[Stored records]

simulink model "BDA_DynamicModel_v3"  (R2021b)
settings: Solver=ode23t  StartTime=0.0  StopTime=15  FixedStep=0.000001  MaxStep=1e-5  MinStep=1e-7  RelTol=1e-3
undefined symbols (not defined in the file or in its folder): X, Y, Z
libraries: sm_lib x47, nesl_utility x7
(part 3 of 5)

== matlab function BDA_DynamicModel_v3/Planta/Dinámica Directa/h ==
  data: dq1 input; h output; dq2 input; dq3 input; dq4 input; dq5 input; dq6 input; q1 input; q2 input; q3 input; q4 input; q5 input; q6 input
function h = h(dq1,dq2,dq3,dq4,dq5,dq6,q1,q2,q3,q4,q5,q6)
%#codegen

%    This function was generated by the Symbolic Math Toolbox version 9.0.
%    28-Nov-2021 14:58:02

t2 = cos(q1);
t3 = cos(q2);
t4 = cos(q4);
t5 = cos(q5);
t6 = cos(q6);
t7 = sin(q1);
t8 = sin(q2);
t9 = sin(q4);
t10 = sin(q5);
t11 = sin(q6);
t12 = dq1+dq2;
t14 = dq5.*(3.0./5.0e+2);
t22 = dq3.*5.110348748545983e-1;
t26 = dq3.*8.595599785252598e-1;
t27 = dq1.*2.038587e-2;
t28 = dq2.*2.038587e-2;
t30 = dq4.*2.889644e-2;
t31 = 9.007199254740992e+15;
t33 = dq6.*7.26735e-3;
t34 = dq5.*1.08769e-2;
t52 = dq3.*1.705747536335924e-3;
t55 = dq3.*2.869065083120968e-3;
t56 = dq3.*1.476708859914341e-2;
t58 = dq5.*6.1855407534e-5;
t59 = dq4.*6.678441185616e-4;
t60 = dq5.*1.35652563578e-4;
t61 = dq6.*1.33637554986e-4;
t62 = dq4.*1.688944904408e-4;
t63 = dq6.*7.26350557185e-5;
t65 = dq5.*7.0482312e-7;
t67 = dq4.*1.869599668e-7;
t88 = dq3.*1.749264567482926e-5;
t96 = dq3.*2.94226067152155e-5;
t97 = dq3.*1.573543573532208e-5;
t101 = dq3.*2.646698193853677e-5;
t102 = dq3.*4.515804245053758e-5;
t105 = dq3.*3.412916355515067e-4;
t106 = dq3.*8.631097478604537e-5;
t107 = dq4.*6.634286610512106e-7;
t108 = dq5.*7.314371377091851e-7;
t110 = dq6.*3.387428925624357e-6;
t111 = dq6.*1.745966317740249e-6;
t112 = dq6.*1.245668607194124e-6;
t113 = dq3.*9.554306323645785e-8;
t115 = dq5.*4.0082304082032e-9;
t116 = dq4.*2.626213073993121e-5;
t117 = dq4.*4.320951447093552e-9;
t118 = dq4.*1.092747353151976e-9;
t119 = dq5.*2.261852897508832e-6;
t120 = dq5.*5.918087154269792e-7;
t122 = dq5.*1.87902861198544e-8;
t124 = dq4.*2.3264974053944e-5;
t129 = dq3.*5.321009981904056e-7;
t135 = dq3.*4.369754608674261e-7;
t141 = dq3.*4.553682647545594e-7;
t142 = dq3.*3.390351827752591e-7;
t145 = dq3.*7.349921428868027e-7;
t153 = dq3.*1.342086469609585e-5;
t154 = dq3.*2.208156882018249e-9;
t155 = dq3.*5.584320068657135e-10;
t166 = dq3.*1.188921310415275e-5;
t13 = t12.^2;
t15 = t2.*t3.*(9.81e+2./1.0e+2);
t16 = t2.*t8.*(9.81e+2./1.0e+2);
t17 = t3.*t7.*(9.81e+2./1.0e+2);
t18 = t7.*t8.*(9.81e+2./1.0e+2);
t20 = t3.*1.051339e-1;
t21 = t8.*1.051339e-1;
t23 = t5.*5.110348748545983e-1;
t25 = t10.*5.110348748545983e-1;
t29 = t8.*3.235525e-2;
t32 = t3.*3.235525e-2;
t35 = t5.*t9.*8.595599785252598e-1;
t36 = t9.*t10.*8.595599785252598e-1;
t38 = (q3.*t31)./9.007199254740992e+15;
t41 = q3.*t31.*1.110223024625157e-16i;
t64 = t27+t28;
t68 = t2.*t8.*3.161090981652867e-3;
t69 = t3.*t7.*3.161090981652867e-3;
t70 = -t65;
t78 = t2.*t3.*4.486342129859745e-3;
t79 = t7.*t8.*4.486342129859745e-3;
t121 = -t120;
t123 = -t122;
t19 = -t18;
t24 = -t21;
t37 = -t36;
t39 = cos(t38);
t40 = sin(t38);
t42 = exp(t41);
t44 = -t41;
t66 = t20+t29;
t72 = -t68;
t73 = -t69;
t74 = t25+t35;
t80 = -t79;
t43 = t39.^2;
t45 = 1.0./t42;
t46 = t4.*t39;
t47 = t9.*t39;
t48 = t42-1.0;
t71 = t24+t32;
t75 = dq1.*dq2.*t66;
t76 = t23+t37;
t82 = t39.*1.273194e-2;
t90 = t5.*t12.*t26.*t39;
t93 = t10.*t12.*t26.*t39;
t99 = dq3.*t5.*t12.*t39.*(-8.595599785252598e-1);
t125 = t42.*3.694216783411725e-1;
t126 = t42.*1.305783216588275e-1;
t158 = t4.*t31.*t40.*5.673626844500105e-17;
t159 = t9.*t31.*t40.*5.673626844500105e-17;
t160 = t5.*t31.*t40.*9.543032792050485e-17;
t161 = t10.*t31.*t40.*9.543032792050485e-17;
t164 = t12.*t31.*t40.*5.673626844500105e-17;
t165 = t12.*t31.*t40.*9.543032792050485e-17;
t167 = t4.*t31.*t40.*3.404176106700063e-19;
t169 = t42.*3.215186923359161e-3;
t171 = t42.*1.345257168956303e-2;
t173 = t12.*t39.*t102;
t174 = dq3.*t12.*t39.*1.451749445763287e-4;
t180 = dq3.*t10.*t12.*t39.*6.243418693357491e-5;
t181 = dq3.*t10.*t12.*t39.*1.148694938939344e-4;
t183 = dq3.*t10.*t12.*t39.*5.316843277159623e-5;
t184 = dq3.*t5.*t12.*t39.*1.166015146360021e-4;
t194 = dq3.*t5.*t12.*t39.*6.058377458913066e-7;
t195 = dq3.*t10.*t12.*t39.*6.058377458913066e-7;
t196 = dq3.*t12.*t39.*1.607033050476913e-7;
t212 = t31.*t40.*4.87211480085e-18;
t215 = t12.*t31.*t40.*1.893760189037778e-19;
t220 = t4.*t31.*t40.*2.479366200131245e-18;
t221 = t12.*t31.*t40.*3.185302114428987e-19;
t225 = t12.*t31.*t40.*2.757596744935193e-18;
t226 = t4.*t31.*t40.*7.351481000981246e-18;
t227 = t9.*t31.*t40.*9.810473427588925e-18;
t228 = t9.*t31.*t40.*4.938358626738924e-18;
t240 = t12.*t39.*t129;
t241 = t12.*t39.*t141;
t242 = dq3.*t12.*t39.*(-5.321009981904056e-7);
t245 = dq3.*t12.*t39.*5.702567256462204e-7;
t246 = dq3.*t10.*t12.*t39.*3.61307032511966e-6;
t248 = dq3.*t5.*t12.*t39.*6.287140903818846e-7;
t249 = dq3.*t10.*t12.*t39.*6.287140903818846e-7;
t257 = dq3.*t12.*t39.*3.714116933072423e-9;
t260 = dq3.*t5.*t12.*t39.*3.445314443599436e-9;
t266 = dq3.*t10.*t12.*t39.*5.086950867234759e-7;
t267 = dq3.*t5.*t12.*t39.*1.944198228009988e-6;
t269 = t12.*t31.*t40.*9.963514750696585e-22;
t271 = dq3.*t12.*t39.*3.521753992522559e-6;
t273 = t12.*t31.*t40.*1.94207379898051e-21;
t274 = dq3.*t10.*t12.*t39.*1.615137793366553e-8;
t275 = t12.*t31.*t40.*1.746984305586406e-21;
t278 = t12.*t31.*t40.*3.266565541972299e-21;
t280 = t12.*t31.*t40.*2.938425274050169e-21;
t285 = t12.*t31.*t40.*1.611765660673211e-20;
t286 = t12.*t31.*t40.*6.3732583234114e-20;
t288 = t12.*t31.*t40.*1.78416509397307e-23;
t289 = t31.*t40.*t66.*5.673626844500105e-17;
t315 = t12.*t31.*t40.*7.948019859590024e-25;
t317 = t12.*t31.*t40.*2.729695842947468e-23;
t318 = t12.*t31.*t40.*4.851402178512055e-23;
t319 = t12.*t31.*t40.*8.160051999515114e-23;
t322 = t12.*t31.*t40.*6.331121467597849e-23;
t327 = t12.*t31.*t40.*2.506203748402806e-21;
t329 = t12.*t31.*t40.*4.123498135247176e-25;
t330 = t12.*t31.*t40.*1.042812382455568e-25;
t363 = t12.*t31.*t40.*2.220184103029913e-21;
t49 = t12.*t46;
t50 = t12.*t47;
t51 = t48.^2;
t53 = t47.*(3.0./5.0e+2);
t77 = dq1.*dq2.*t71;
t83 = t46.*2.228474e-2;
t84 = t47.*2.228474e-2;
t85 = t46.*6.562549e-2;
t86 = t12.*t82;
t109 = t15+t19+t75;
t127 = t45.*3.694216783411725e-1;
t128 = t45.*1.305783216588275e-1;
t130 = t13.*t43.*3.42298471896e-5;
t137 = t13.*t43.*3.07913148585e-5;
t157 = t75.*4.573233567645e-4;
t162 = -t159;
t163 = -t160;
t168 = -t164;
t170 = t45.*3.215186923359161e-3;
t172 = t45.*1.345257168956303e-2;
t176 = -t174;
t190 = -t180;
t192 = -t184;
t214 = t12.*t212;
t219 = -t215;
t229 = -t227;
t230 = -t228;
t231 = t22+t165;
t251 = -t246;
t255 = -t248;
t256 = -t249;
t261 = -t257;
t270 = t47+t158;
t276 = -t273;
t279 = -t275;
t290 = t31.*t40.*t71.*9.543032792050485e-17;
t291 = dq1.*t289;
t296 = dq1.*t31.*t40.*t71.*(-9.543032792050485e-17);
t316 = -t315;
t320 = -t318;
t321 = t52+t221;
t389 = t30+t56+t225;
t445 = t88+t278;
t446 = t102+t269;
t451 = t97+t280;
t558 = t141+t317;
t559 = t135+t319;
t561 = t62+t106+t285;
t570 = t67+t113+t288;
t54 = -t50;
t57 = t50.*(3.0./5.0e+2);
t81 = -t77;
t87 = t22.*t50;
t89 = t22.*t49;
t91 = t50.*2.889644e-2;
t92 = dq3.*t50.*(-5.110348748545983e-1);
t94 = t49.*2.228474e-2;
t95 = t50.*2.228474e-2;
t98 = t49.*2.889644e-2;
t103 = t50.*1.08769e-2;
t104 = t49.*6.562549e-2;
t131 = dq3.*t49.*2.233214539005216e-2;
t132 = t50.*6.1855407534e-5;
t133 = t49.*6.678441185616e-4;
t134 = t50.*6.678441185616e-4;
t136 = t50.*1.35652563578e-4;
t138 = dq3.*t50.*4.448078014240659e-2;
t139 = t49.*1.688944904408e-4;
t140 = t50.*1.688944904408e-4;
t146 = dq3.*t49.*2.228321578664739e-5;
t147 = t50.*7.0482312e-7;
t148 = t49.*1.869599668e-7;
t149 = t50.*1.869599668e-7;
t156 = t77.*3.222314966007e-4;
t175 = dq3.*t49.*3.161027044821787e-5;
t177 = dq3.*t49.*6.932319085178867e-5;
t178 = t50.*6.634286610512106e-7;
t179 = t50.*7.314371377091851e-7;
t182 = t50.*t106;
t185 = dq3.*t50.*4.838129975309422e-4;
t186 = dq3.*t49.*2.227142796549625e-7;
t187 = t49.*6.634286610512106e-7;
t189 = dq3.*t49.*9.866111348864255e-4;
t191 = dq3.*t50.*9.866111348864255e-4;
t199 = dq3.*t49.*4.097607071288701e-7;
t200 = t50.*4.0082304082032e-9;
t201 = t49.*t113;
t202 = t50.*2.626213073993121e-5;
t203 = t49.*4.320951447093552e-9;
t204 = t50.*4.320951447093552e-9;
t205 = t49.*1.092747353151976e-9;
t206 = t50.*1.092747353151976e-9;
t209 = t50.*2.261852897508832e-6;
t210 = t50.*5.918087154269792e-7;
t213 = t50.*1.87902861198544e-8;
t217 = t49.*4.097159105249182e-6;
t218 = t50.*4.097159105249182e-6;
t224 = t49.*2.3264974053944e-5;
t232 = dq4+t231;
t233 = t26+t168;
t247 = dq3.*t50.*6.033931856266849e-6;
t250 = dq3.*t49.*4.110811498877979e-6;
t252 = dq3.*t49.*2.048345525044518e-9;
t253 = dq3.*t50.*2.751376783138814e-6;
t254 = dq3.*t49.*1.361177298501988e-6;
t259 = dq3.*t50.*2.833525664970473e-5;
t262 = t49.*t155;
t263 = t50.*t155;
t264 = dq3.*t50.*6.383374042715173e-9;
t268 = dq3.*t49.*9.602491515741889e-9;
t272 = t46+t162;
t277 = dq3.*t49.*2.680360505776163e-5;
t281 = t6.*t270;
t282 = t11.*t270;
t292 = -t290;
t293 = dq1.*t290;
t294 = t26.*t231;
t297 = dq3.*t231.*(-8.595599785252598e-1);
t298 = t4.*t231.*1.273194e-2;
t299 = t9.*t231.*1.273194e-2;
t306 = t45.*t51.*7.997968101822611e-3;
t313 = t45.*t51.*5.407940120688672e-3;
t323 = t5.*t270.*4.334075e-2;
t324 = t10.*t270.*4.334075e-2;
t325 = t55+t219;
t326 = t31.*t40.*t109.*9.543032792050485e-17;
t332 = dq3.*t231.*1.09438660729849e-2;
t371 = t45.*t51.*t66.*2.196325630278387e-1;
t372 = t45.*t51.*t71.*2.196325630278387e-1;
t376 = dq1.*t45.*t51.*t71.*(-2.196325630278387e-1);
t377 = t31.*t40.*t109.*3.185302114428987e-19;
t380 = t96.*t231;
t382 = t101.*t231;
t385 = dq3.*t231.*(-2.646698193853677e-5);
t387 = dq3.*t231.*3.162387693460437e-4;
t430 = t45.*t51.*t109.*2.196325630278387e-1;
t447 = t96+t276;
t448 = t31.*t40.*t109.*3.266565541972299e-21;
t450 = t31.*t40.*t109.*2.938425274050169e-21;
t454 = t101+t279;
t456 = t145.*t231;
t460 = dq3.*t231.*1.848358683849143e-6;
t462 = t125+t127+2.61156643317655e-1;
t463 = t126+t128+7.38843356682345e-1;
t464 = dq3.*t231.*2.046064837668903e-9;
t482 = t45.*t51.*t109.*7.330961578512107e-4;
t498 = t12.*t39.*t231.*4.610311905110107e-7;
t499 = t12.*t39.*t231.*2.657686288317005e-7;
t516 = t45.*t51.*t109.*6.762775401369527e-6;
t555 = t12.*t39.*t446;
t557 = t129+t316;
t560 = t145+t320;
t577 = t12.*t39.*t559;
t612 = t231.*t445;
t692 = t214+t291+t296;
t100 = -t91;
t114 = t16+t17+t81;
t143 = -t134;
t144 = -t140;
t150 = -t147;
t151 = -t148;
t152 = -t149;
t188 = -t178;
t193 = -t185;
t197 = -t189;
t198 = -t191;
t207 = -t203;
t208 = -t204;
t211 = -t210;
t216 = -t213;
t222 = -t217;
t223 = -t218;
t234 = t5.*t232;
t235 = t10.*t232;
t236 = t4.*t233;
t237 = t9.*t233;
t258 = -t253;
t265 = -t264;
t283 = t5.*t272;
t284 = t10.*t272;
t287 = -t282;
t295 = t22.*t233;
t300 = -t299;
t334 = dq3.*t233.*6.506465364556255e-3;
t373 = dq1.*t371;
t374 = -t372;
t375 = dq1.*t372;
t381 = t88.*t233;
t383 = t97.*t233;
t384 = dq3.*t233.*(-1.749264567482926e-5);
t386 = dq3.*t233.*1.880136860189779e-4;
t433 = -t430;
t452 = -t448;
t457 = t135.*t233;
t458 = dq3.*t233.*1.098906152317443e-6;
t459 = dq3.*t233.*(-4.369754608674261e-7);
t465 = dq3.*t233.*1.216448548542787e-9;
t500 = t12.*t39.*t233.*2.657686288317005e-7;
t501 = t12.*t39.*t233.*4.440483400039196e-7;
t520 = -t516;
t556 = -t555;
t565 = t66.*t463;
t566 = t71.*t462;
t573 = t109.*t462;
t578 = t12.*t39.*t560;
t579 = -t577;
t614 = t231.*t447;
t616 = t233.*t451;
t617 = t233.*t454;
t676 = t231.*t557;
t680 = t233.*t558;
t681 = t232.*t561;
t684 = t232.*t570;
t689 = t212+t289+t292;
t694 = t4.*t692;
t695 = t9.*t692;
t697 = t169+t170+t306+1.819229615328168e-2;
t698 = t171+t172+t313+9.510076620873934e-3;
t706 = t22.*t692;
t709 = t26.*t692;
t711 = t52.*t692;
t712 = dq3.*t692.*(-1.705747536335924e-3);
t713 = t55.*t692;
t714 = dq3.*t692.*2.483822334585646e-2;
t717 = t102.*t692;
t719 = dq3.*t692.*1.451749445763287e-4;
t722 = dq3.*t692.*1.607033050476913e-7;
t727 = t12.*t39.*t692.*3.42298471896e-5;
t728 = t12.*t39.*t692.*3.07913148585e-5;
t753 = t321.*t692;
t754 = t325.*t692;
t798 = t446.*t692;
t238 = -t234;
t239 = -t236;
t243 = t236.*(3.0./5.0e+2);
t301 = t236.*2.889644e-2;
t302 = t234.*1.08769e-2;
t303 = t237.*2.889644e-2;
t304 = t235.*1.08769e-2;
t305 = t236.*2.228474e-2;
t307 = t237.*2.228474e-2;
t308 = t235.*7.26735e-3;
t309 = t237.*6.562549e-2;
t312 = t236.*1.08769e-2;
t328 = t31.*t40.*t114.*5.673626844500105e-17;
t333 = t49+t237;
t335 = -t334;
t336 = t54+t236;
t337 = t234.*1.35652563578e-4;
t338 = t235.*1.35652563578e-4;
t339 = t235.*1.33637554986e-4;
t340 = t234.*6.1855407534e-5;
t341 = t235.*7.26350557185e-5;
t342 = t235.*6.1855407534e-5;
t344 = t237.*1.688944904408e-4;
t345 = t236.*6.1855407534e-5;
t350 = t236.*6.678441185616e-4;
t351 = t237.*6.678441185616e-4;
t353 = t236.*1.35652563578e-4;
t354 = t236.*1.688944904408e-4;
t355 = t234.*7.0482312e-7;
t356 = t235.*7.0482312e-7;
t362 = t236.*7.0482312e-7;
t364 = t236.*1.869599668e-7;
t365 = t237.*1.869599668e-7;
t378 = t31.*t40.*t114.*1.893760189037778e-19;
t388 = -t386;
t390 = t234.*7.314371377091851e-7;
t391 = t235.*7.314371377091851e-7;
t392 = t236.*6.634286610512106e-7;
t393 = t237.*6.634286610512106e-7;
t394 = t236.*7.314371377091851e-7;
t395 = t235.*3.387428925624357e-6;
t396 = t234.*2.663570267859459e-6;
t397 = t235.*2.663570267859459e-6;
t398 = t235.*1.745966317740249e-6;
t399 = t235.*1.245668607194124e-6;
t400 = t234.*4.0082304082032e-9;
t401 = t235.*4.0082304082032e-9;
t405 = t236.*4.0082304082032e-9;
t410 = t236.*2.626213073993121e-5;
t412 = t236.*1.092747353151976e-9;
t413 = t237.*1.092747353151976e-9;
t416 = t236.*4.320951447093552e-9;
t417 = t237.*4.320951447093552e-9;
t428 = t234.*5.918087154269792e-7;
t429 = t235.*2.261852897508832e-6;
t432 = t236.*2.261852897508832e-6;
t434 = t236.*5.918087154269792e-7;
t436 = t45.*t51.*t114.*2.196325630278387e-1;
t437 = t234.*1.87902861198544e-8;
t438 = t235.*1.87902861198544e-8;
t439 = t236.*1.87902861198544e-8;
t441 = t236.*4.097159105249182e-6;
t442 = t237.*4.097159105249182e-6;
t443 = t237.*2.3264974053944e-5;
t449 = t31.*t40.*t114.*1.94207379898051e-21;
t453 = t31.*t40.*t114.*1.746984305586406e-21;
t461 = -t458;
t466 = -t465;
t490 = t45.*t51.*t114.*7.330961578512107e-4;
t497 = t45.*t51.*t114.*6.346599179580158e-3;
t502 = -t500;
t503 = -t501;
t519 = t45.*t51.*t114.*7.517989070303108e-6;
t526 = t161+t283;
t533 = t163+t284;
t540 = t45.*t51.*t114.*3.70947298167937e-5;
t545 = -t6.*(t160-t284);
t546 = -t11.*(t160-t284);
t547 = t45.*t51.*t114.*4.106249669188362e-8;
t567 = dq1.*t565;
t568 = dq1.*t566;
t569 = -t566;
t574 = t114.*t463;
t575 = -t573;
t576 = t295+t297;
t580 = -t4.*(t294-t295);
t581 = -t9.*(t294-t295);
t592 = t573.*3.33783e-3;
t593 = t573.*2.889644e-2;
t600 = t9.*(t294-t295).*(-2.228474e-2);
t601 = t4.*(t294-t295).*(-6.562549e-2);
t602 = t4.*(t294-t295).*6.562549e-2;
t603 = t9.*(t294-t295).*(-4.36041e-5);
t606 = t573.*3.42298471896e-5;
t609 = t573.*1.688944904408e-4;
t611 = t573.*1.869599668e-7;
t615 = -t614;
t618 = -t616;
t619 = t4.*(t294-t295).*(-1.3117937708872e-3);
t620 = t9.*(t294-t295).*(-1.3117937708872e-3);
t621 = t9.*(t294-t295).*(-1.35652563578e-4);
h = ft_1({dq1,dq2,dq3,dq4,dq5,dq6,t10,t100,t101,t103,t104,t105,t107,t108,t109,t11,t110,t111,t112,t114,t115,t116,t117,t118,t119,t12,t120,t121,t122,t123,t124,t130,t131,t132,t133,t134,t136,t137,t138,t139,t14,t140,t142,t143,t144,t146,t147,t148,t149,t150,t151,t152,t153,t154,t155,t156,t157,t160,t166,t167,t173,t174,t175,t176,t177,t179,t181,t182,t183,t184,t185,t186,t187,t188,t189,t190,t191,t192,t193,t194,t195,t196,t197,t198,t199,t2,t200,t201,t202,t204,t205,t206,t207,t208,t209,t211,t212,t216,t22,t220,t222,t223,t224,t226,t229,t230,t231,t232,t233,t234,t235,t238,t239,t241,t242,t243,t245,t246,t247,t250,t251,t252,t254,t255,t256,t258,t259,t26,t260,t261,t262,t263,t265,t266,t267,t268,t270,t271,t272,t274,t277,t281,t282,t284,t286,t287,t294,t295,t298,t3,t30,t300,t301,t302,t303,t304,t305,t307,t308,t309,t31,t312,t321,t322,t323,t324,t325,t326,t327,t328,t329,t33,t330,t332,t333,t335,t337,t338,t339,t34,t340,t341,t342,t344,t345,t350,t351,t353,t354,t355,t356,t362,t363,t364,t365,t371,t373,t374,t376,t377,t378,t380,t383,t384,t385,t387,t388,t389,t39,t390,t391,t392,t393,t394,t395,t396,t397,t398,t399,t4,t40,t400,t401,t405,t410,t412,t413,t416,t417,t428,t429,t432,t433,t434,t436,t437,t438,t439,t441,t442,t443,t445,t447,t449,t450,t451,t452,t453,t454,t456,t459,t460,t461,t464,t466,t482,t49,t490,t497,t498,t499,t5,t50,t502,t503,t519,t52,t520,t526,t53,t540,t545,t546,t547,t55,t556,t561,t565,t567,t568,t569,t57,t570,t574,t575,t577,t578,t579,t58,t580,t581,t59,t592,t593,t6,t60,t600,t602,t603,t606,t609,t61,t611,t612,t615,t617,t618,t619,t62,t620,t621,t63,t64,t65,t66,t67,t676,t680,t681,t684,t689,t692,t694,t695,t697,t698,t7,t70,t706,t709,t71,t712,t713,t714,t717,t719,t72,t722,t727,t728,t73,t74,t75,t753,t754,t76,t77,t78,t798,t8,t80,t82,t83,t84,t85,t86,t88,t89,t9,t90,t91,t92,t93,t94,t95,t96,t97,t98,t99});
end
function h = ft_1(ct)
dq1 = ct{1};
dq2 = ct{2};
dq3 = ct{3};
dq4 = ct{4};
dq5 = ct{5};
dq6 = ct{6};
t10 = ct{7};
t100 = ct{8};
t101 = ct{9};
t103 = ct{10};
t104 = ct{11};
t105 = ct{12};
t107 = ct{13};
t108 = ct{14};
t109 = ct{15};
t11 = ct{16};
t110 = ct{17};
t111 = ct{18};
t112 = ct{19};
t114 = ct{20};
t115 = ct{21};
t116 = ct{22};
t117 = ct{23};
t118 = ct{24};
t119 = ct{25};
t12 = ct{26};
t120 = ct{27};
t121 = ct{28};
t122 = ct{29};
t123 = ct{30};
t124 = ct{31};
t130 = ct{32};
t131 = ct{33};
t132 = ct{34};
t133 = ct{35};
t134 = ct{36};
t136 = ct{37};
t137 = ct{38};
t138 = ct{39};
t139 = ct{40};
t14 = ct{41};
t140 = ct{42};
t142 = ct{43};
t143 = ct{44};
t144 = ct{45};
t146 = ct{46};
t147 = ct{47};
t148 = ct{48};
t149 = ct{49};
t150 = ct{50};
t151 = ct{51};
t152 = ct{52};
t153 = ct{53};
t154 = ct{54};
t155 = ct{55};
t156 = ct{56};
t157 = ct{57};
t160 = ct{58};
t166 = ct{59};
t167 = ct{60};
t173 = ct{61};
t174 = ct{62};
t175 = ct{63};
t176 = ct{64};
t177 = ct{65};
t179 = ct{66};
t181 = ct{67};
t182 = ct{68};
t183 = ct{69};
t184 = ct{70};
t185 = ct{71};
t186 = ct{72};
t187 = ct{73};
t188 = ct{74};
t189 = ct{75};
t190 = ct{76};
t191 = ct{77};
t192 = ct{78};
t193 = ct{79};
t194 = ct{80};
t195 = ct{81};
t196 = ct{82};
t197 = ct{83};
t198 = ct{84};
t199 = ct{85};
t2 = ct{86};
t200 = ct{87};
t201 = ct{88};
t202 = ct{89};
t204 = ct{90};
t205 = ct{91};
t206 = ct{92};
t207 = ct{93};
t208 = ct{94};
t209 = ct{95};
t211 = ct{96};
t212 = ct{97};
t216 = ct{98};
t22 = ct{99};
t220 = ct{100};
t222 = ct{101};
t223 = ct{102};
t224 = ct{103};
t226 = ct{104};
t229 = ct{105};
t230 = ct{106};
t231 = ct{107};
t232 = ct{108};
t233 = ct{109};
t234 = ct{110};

[TASK TO CARRY OUT] The expected output is the exact run of lines from the start of the entries through the line with "t63 = dq6.*7.26350557185e-5;", inclusive.

[COMPLETED TASK]
simulink model "BDA_DynamicModel_v3"  (R2021b)
settings: Solver=ode23t  StartTime=0.0  StopTime=15  FixedStep=0.000001  MaxStep=1e-5  MinStep=1e-7  RelTol=1e-3
undefined symbols (not defined in the file or in its folder): X, Y, Z
libraries: sm_lib x47, nesl_utility x7
(part 3 of 5)

== matlab function BDA_DynamicModel_v3/Planta/Dinámica Directa/h ==
  data: dq1 input; h output; dq2 input; dq3 input; dq4 input; dq5 input; dq6 input; q1 input; q2 input; q3 input; q4 input; q5 input; q6 input
function h = h(dq1,dq2,dq3,dq4,dq5,dq6,q1,q2,q3,q4,q5,q6)
%#codegen

%    This function was generated by the Symbolic Math Toolbox version 9.0.
%    28-Nov-2021 14:58:02

t2 = cos(q1);
t3 = cos(q2);
t4 = cos(q4);
t5 = cos(q5);
t6 = cos(q6);
t7 = sin(q1);
t8 = sin(q2);
t9 = sin(q4);
t10 = sin(q5);
t11 = sin(q6);
t12 = dq1+dq2;
t14 = dq5.*(3.0./5.0e+2);
t22 = dq3.*5.110348748545983e-1;
t26 = dq3.*8.595599785252598e-1;
t27 = dq1.*2.038587e-2;
t28 = dq2.*2.038587e-2;
t30 = dq4.*2.889644e-2;
t31 = 9.007199254740992e+15;
t33 = dq6.*7.26735e-3;
t34 = dq5.*1.08769e-2;
t52 = dq3.*1.705747536335924e-3;
t55 = dq3.*2.869065083120968e-3;
t56 = dq3.*1.476708859914341e-2;
t58 = dq5.*6.1855407534e-5;
t59 = dq4.*6.678441185616e-4;
t60 = dq5.*1.35652563578e-4;
t61 = dq6.*1.33637554986e-4;
t62 = dq4.*1.688944904408e-4;
t63 = dq6.*7.26350557185e-5;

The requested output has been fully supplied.